My grandmother slept down the hall, the record player in her room working its way to the end of side A, and I wanted her to live forever, but sometimes…

Martin would be so much worse if she weren’t here. She was the only person who loved me. I needed her to stay alive.

But she was in pain.

And if she were still alive when I was supposed to go to college, I couldn’t leave. I couldn’t leave her with him, and I’d have to stay here.

I hated myself for that thought, but…

While I didn’t want her to go, I needed to get out of here.

What the hell was I going to do?

I hugged myself in my cardigan, only wearing my sleep shorts and tank top underneath, and turned around to close my curtains.

But someone sat there, in the corner of my room in my chair.

I gasped, jumping back.

“Hey,” Will said.

My eyes widened, and I breathed hard, my heart still lodged in my throat. “What the hell?” I dashed to my window, plastering my cheek to the pane to get a view of the driveway and make sure my brother was gone.

“No candle in your window tonight?” he asked.

But I wasn’t listening. “Are you insane?”

I scanned as much of the street as I could see through the tree outside, but I didn’t see Will’s truck. Hopefully, he’d parked it far away.

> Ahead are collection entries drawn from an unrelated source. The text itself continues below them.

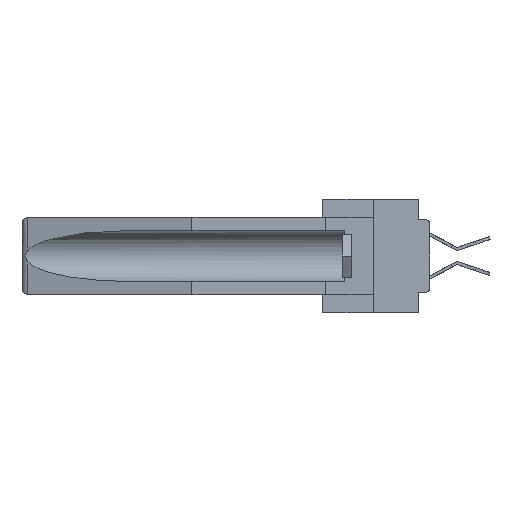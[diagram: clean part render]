
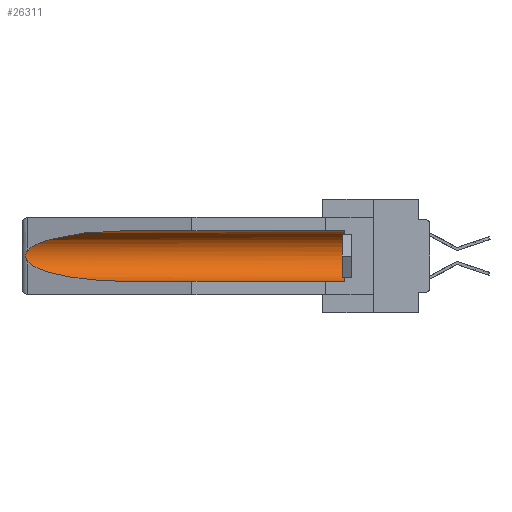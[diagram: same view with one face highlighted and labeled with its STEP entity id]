
A CAD part, left-side view. The second image highlights one B-rep face of the part: STEP entity #26311.
In plain terms, the highlighted cylindrical face has radius 2.857 mm (diameter 5.715 mm), a partial arc.
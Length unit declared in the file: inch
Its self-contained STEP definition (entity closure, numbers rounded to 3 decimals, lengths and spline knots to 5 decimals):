
#745 = ORIENTED_EDGE ( 'NONE', *, *, #18535, .T. ) ;
#1122 = EDGE_CURVE ( 'NONE', #4274, #25793, #9552, .T. ) ;
#1685 = ORIENTED_EDGE ( 'NONE', *, *, #6692, .T. ) ;
#1797 = CARTESIAN_POINT ( 'NONE',  ( 0.26654, 1.53092, -0.15636 ) ) ;
#1881 = CARTESIAN_POINT ( 'NONE',  ( 0.25451, 1.48313, -0.24835 ) ) ;
#2767 = CARTESIAN_POINT ( 'NONE',  ( 0.26537, 1.52718, -0.19328 ) ) ;
#2873 = VERTEX_POINT ( 'NONE', #3754 ) ;
#2992 = AXIS2_PLACEMENT_3D ( 'NONE', #35344, #23249, #9523 ) ;
#3239 = EDGE_CURVE ( 'NONE', #2873, #4274, #4265, .T. ) ;
#3754 = CARTESIAN_POINT ( 'NONE',  ( 0.26537, 1.52718, -0.14972 ) ) ;
#3941 = DIRECTION ( 'NONE',  ( 0., 1., 0. ) ) ;
#4158 = CARTESIAN_POINT ( 'NONE',  ( 0.26655, 1.53094, -0.18657 ) ) ;
#4265 = B_SPLINE_CURVE_WITH_KNOTS ( 'NONE', 3,
 ( #26328, #18328, #1797, #15694, #20888, #18070, #29112, #4158, #6916, #7290 ),
 .UNSPECIFIED., .F., .F.,
 ( 4, 2, 2, 2, 4 ),
 ( 0., 0.00029, 0.00058, 0.00087, 0.00117 ),
 .UNSPECIFIED. ) ;
#4274 = VERTEX_POINT ( 'NONE', #2767 ) ;
#4979 = CARTESIAN_POINT ( 'NONE',  ( 0.155, 0.126, -0.284 ) ) ;
#6316 = CARTESIAN_POINT ( 'NONE',  ( 0.155, -0.30754, -0.059 ) ) ;
#6476 =( BOUNDED_CURVE ( )  B_SPLINE_CURVE ( 3, ( #33303, #25092, #30644, #30532 ),
 .UNSPECIFIED., .F., .F. ) 
 B_SPLINE_CURVE_WITH_KNOTS ( ( 4, 4 ),
 ( 4.71239, 6.08839 ),
 .UNSPECIFIED. ) 
 CURVE ( )  GEOMETRIC_REPRESENTATION_ITEM ( )  RATIONAL_B_SPLINE_CURVE ( ( 1., 0.848, 0.848, 1. ) ) 
 REPRESENTATION_ITEM ( '' )  );
#6692 = EDGE_CURVE ( 'NONE', #12660, #27573, #7555, .T. ) ;
#6916 = CARTESIAN_POINT ( 'NONE',  ( 0.26597, 1.5296, -0.19026 ) ) ;
#7290 = CARTESIAN_POINT ( 'NONE',  ( 0.26537, 1.52718, -0.19328 ) ) ;
#7363 = CARTESIAN_POINT ( 'NONE',  ( 0.155, 0.126, -0.1715 ) ) ;
#7555 = LINE ( 'NONE', #6316, #14391 ) ;
#9362 = AXIS2_PLACEMENT_3D ( 'NONE', #7363, #20842, #26662 ) ;
#9523 = DIRECTION ( 'NONE',  ( 0., 0., 1. ) ) ;
#9552 =( BOUNDED_CURVE ( )  B_SPLINE_CURVE ( 3, ( #29292, #1881, #10124, #29418 ),
 .UNSPECIFIED., .F., .F. ) 
 B_SPLINE_CURVE_WITH_KNOTS ( ( 4, 4 ),
 ( 0.1948, 1.5708 ),
 .UNSPECIFIED. ) 
 CURVE ( )  GEOMETRIC_REPRESENTATION_ITEM ( )  RATIONAL_B_SPLINE_CURVE ( ( 1., 0.848, 0.848, 1. ) ) 
 REPRESENTATION_ITEM ( '' )  );
#10124 = CARTESIAN_POINT ( 'NONE',  ( 0.21114, 1.30732, -0.284 ) ) ;
#12464 = VERTEX_POINT ( 'NONE', #4979 ) ;
#12660 = VERTEX_POINT ( 'NONE', #14667 ) ;
#13379 = EDGE_CURVE ( 'NONE', #12464, #12660, #22977, .T. ) ;
#14391 = VECTOR ( 'NONE', #17332, 39.37008 ) ;
#14667 = CARTESIAN_POINT ( 'NONE',  ( 0.155, 0.126, -0.059 ) ) ;
#15694 = CARTESIAN_POINT ( 'NONE',  ( 0.2673, 1.5327, -0.16383 ) ) ;
#16016 = ORIENTED_EDGE ( 'NONE', *, *, #3239, .T. ) ;
#16515 = LINE ( 'NONE', #20783, #22985 ) ;
#16983 = CYLINDRICAL_SURFACE ( 'NONE', #2992, 0.1125 ) ;
#17332 = DIRECTION ( 'NONE',  ( 0., 1., 0. ) ) ;
#18070 = CARTESIAN_POINT ( 'NONE',  ( 0.2675, 1.53308, -0.17534 ) ) ;
#18328 = CARTESIAN_POINT ( 'NONE',  ( 0.26597, 1.52961, -0.15275 ) ) ;
#18535 = EDGE_CURVE ( 'NONE', #27573, #2873, #6476, .T. ) ;
#20783 = CARTESIAN_POINT ( 'NONE',  ( 0.155, -0.30754, -0.284 ) ) ;
#20842 = DIRECTION ( 'NONE',  ( 0., -1., 0. ) ) ;
#20888 = CARTESIAN_POINT ( 'NONE',  ( 0.2675, 1.53308, -0.16763 ) ) ;
#21913 = ORIENTED_EDGE ( 'NONE', *, *, #13379, .T. ) ;
#22977 = CIRCLE ( 'NONE', #9362, 0.1125 ) ;
#22985 = VECTOR ( 'NONE', #3941, 39.37008 ) ;
#23206 = ORIENTED_EDGE ( 'NONE', *, *, #1122, .T. ) ;
#23249 = DIRECTION ( 'NONE',  ( 0., 1., 0. ) ) ;
#24500 = CARTESIAN_POINT ( 'NONE',  ( 0.155, 1.07973, -0.284 ) ) ;
#24761 = FACE_OUTER_BOUND ( 'NONE', #28038, .T. ) ;
#25092 = CARTESIAN_POINT ( 'NONE',  ( 0.21114, 1.30732, -0.059 ) ) ;
#25793 = VERTEX_POINT ( 'NONE', #24500 ) ;
#26311 = ADVANCED_FACE ( 'NONE', ( #24761 ), #16983, .F. ) ;
#26328 = CARTESIAN_POINT ( 'NONE',  ( 0.26537, 1.52718, -0.14972 ) ) ;
#26662 = DIRECTION ( 'NONE',  ( 0., 0., 1. ) ) ;
#27573 = VERTEX_POINT ( 'NONE', #35389 ) ;
#28038 = EDGE_LOOP ( 'NONE', ( #745, #16016, #23206, #31662, #21913, #1685 ) ) ;
#29112 = CARTESIAN_POINT ( 'NONE',  ( 0.2673, 1.53269, -0.17917 ) ) ;
#29292 = CARTESIAN_POINT ( 'NONE',  ( 0.26537, 1.52718, -0.19328 ) ) ;
#29418 = CARTESIAN_POINT ( 'NONE',  ( 0.155, 1.07973, -0.284 ) ) ;
#29926 = EDGE_CURVE ( 'NONE', #12464, #25793, #16515, .T. ) ;
#30532 = CARTESIAN_POINT ( 'NONE',  ( 0.26537, 1.52718, -0.14972 ) ) ;
#30644 = CARTESIAN_POINT ( 'NONE',  ( 0.25451, 1.48313, -0.09465 ) ) ;
#31662 = ORIENTED_EDGE ( 'NONE', *, *, #29926, .F. ) ;
#33303 = CARTESIAN_POINT ( 'NONE',  ( 0.155, 1.07973, -0.059 ) ) ;
#35344 = CARTESIAN_POINT ( 'NONE',  ( 0.155, -0.30754, -0.1715 ) ) ;
#35389 = CARTESIAN_POINT ( 'NONE',  ( 0.155, 1.07973, -0.059 ) ) ;

How the hell did he get in here? My brother just left. He could’ve seen him.

“You have to light a candle, Emmy.”

“I never light a candle!” I growled in a whisper so my grandma wouldn’t hear. “I don’t give a shit about EverNight. You have to leave.”

He sat there, wearing jeans and an Army green T-shirt that brought out the color of his eyes even from here. His hair was relaxed, the gel from the day about gone and laying across his temples so beautifully.

“What did I say?” he said in a low voice. “If you don’t come to me, I’ll come to you.”

So I didn’t show up down at the end of the block. As important as a Mission: Impossible marathon was, I had other things to do, and he neglected to ask if I was free tonight.

He stared up at me, his arms resting on the chair, and I forced a scowl, despite the shot of excitement through my body at seeing him.

“I can’t believe Emory Scott has a poster of Sid and Nancy on her wall,” he joked. “A couple of obnoxious junkies, one who could barely even play his guitar.”

“Please,” I asked, ignoring his teasing. “You can’t be here.”

He rose slowly, never taking his eyes off mine. “Or maybe you have a thing for doomed romances.”

I stepped back as he stepped forward. “Just leave,” I told him again.